I had a discussion on chat today with drow and he indicated that you
were busily adding all of the missing stuff here. I told him that I
thought this was fine as long as there is not a temporal drift in
information encoded for the types and decls between the time I write my
stuff and when the types and decls are written.
> Yes, I agree that if you're not using DWARF for the function bodies,
> you probably want your own encoding for the local variables.
>> We will also need to add other structures to the object files. We
>> will need to have a version of the cgraph, in a separate section, that
>> is in a form so that all of the cgraphs from all of the object files
>> can be read a processed without looking at the actual function bodies.
>> function only calls other pure functions and so on... If we simply
>> label the call graph with the locally pure and locally constant
>> attributes, the closure phase can be done for all of the functions in
>> the LTO compilation without having to reprocess their bodies.

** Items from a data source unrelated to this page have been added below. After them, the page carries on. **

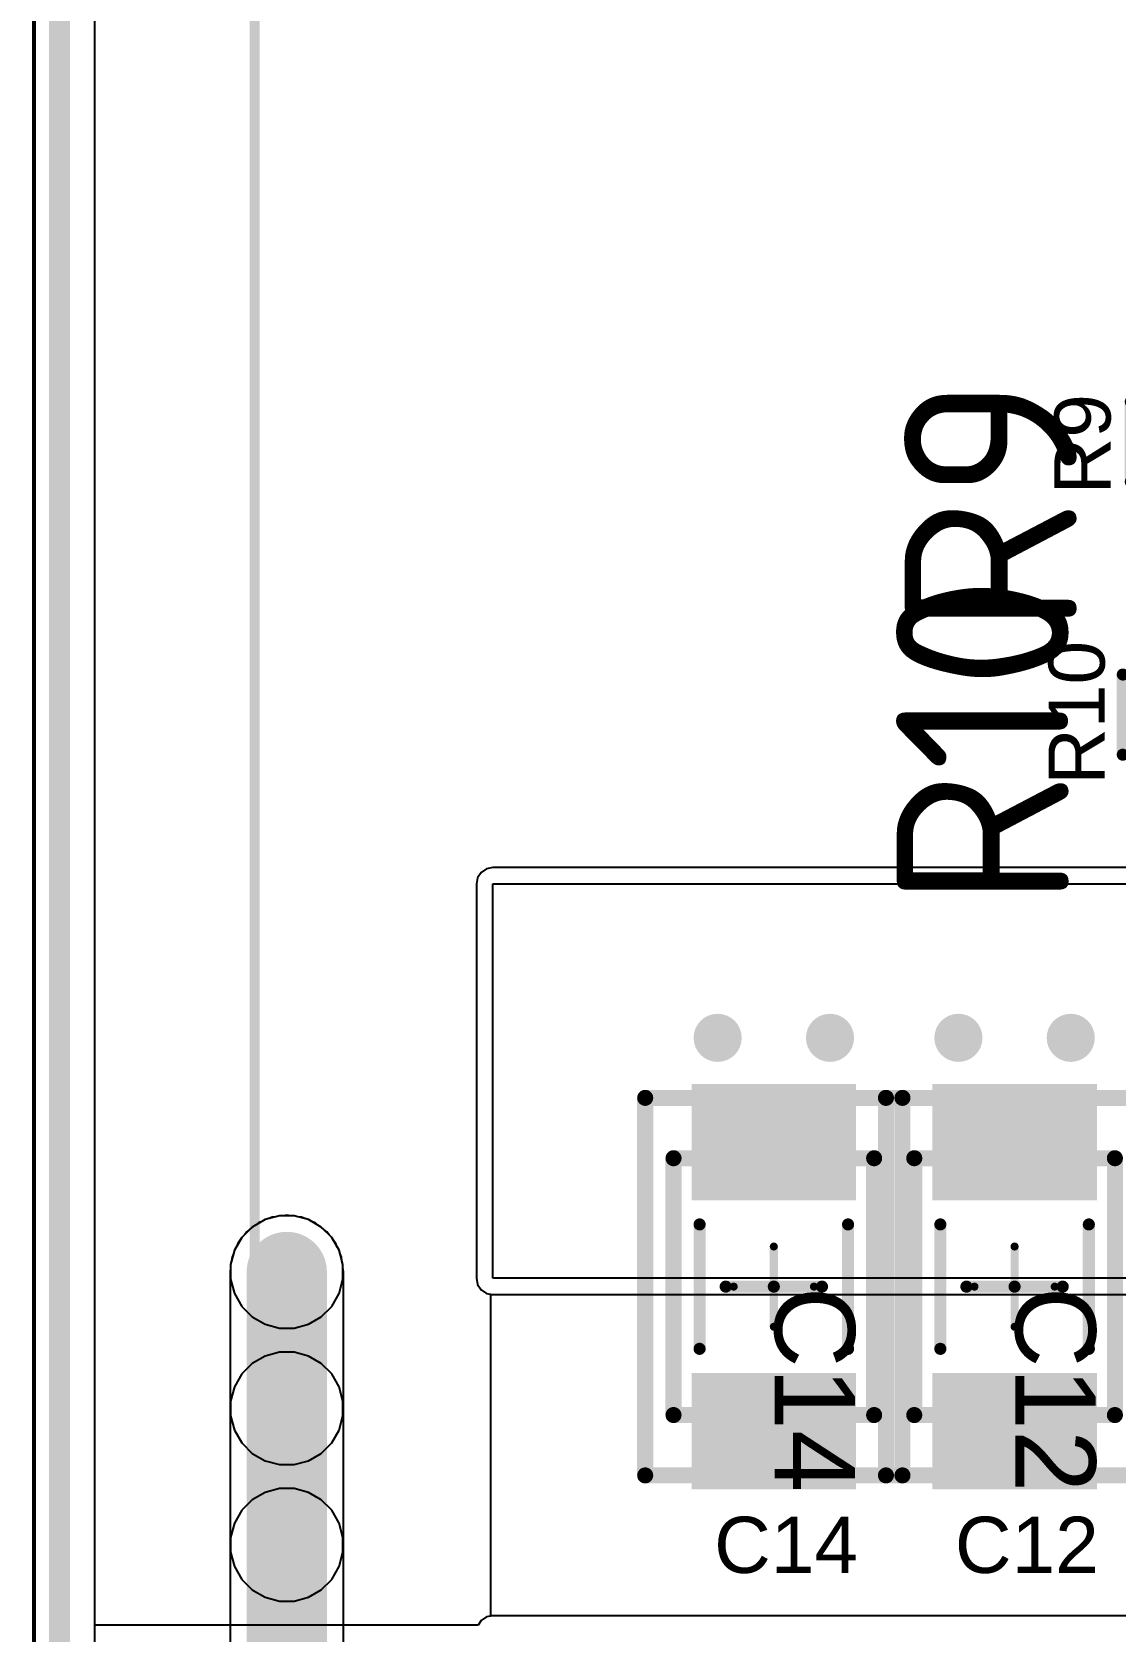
# Model space of a CAD drawing. Header units: inches. Extents: x 0 to 110, y 0 to 95.
# Drawn here: x -0.38 to 13.12, y 43.43 to 63.35 of the extents above; entities that cross this region are included whole.
import ezdxf

# ---------------------------------------------------------------- set-up
doc = ezdxf.new("R2010")
doc.units = ezdxf.units.IN
for name, color, linetype in [('Board Shape', 56, 'Continuous'), ('Bottom Courtyard', 56, 'Continuous'), ('Bottom Layer', 5, 'Continuous'), ('Int1', 16, 'Continuous'), ('Int2', 76, 'Continuous'), ('Mechanical 13', 56, 'Continuous'), ('Mechanical1', 6, 'Continuous'), ('Panelize Outline', 56, 'Continuous'), ('Panelize_Route Cutter Tool Detail', 56, 'Continuous'), ('Top Courtyard', 56, 'Continuous'), ('Top Layer', 1, 'Continuous'), ('Top Overlay', 2, 'Continuous'), ('Top Paste', 8, 'Continuous'), ('Top Solder', 216, 'Continuous'), ('Via Holes', 16, 'Continuous')]:
    doc.layers.add(name, color=color, linetype=linetype)
doc.styles.add('Arial', font='', dxfattribs={"height": 0.2})
doc.styles.add('GOST type B', font='', dxfattribs={"height": 0.2})
doc.styles.get('Arial').set_extended_font_data('Arial')
doc.styles.get('GOST type B').set_extended_font_data('GOST type B')

# ---------------------------------------------------------------- blocks, each defined once
blk = doc.blocks.new('RPI_1037')
at = {"layer": 'Mechanical 13'}
for points in [[(45, 25.5, 0.127, 0.127, 0), (45, -25.5, 0.127, 0.127, 0)], [(42.5, 25, 0.127, 0.127, 0), (42.5, -25, 0.127, 0.127, 0)]]:
    blk.add_lwpolyline(points, format="xyseb", dxfattribs=at)
at = {"layer": 'Top Courtyard'}
blk.add_lwpolyline([(45.25, 28.25, 0.05, 0.05, 0), (45.25, -30.255, 0.05, 0.05, 0)], format="xyseb", dxfattribs=at)
at = {"layer": 'Top Overlay'}
blk.add_lwpolyline([(42.5, 25, 0.127, 0.127, 0), (42.5, -25, 0.127, 0.127, 0)], format="xyseb", dxfattribs=at)
blk = doc.blocks.new('1206C_1101')
at = {"layer": 'Top Layer'}
for points in [[(-2.5, 1), (-1.1, 1), (-1.1, -1), (-2.5, -1)], [(1.1, 1), (2.5, 1), (2.5, -1), (1.1, -1)]]:
    blk.add_hatch(color=1, dxfattribs=at).paths.add_polyline_path(points)
at = {"layer": 'Top Paste'}
for points in [[(-2.5, 1), (-1.1, 1), (-1.1, -1), (-2.5, -1)], [(1.1, 1), (2.5, 1), (2.5, -1), (1.1, -1)]]:
    blk.add_hatch(color=8, dxfattribs=at).paths.add_polyline_path(points)
at = {"layer": 'Top Solder'}
for points in [[(-2.525, 1.025), (-1.075, 1.025), (-1.075, -1.025), (-2.525, -1.025)], [(1.075, 1.025), (2.525, 1.025), (2.525, -1.025), (1.075, -1.025)]]:
    blk.add_hatch(color=216, dxfattribs=at).paths.add_polyline_path(points)
at = {"layer": 'Bottom Courtyard'}
for points in [[(0, -0.5, 0.1, 0.1, 0), (0, 0.5, 0.1, 0.1, 0)], [(0.5, 0, 0.1, 0.1, 0), (-0.5, 0, 0.1, 0.1, 0)]]:
    blk.add_lwpolyline(points, format="xyseb", dxfattribs=at)
for points in [[(-0.025, 0.5, 0.05, 0.05, 1), (0.025, 0.5, 0.05, 0.05, 1)], [(-0.525, 0, 0.05, 0.05, 1), (-0.475, 0, 0.05, 0.05, 1)], [(0.475, 0, 0.05, 0.05, 1), (0.525, 0, 0.05, 0.05, 1)], [(-0.025, -0.5, 0.05, 0.05, 1), (0.025, -0.5, 0.05, 0.05, 1)]]:
    blk.add_lwpolyline(points, format="xyseb", close=True, dxfattribs=at)
at = {"layer": 'Mechanical 13'}
for points in [[(1.6, 1.25, 0.2, 0.2, 0), (-1.6, 1.25, 0.2, 0.2, 0)], [(-1.6, -1.25, 0.2, 0.2, 0), (-1.6, 1.25, 0.2, 0.2, 0)], [(1.6, -1.25, 0.2, 0.2, 0), (1.6, 1.25, 0.2, 0.2, 0)], [(1.6, -1.25, 0.2, 0.2, 0), (-1.6, -1.25, 0.2, 0.2, 0)]]:
    blk.add_lwpolyline(points, format="xyseb", dxfattribs=at)
for points in [[(-1.65, 1.25, 0.1, 0.1, 1), (-1.55, 1.25, 0.1, 0.1, 1)], [(-1.65, 1.25, 0.1, 0.1, 1), (-1.55, 1.25, 0.1, 0.1, 1)], [(1.55, 1.25, 0.1, 0.1, 1), (1.65, 1.25, 0.1, 0.1, 1)], [(1.55, 1.25, 0.1, 0.1, 1), (1.65, 1.25, 0.1, 0.1, 1)], [(-1.65, -1.25, 0.1, 0.1, 1), (-1.55, -1.25, 0.1, 0.1, 1)], [(-1.65, -1.25, 0.1, 0.1, 1), (-1.55, -1.25, 0.1, 0.1, 1)], [(1.55, -1.25, 0.1, 0.1, 1), (1.65, -1.25, 0.1, 0.1, 1)], [(1.55, -1.25, 0.1, 0.1, 1), (1.65, -1.25, 0.1, 0.1, 1)]]:
    blk.add_lwpolyline(points, format="xyseb", close=True, dxfattribs=at)
at = {"layer": 'Panelize_Route Cutter Tool Detail'}
for points in [[(2.352, 1.603, 0.2, 0.2, 0), (-2.352, 1.603, 0.2, 0.2, 0)], [(-2.352, -1.603, 0.2, 0.2, 0), (-2.352, 1.603, 0.2, 0.2, 0)], [(2.352, -1.603, 0.2, 0.2, 0), (2.352, 1.603, 0.2, 0.2, 0)], [(2.352, -1.603, 0.2, 0.2, 0), (-2.352, -1.603, 0.2, 0.2, 0)]]:
    blk.add_lwpolyline(points, format="xyseb", dxfattribs=at)
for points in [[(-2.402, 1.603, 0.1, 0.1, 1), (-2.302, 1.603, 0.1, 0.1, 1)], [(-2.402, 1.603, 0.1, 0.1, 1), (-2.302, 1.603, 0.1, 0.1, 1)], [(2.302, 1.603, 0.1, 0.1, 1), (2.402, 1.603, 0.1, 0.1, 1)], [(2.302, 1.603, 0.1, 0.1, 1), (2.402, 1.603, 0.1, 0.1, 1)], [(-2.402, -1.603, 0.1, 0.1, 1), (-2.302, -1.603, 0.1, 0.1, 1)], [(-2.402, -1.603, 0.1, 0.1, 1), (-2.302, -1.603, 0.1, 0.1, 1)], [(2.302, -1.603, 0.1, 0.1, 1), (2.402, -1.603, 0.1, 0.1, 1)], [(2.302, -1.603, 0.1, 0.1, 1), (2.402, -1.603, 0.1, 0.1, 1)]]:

>> Virtually all inteprocedural optimizations, including aliasing, can
>> and must be structured this way.
> You could also label the function declarations. There's a decision to
> make here as to whether the nodes of the call graph are the same as
> the DWARF nodes for the functions themselves, or are instead separate
> entities (which, of course, point to those DWARF nodes). It would be
> nice, a priori, to have this information in the DWARF nodes because it
> would allow the debugger to show this information to users and to view
> it via DWARF readers. However, I can also imagine that it needs to be
> in the separate call graph.
>> I have not done this because I do not rule the earth. That was not
>> what I was assigned to do, and I agreed that DWARF3 sounded like a
>> reasonable way to go. Now that I understand the details of DWARF3, I
>> have changed my mind about the correct direction. Now is the time to
>> make that change before there is a lot of infrastructure built that
>> assumes the DWARF3 encoding.
> I think it's great that you're asking for feedback. My only feedback
> is that you may not need to make this decision *now*. We could
> conceivably wire this up, work on the other things (CFG, etc.) and
> return to the encoding issue. I'm vaguely in favor of that plan, just
> in that I'm eager to actually see us make something work. On the
> other hand, building up DWARF reading for this code only to chuck it
> later does seem wasteful. But, the DWARF reader is already there;
> it's mostly filling in some blanks. But, filling in blanks is always
> harder than one expects. So, I think this should really be your call:
> rework the format now, or later, as you think best.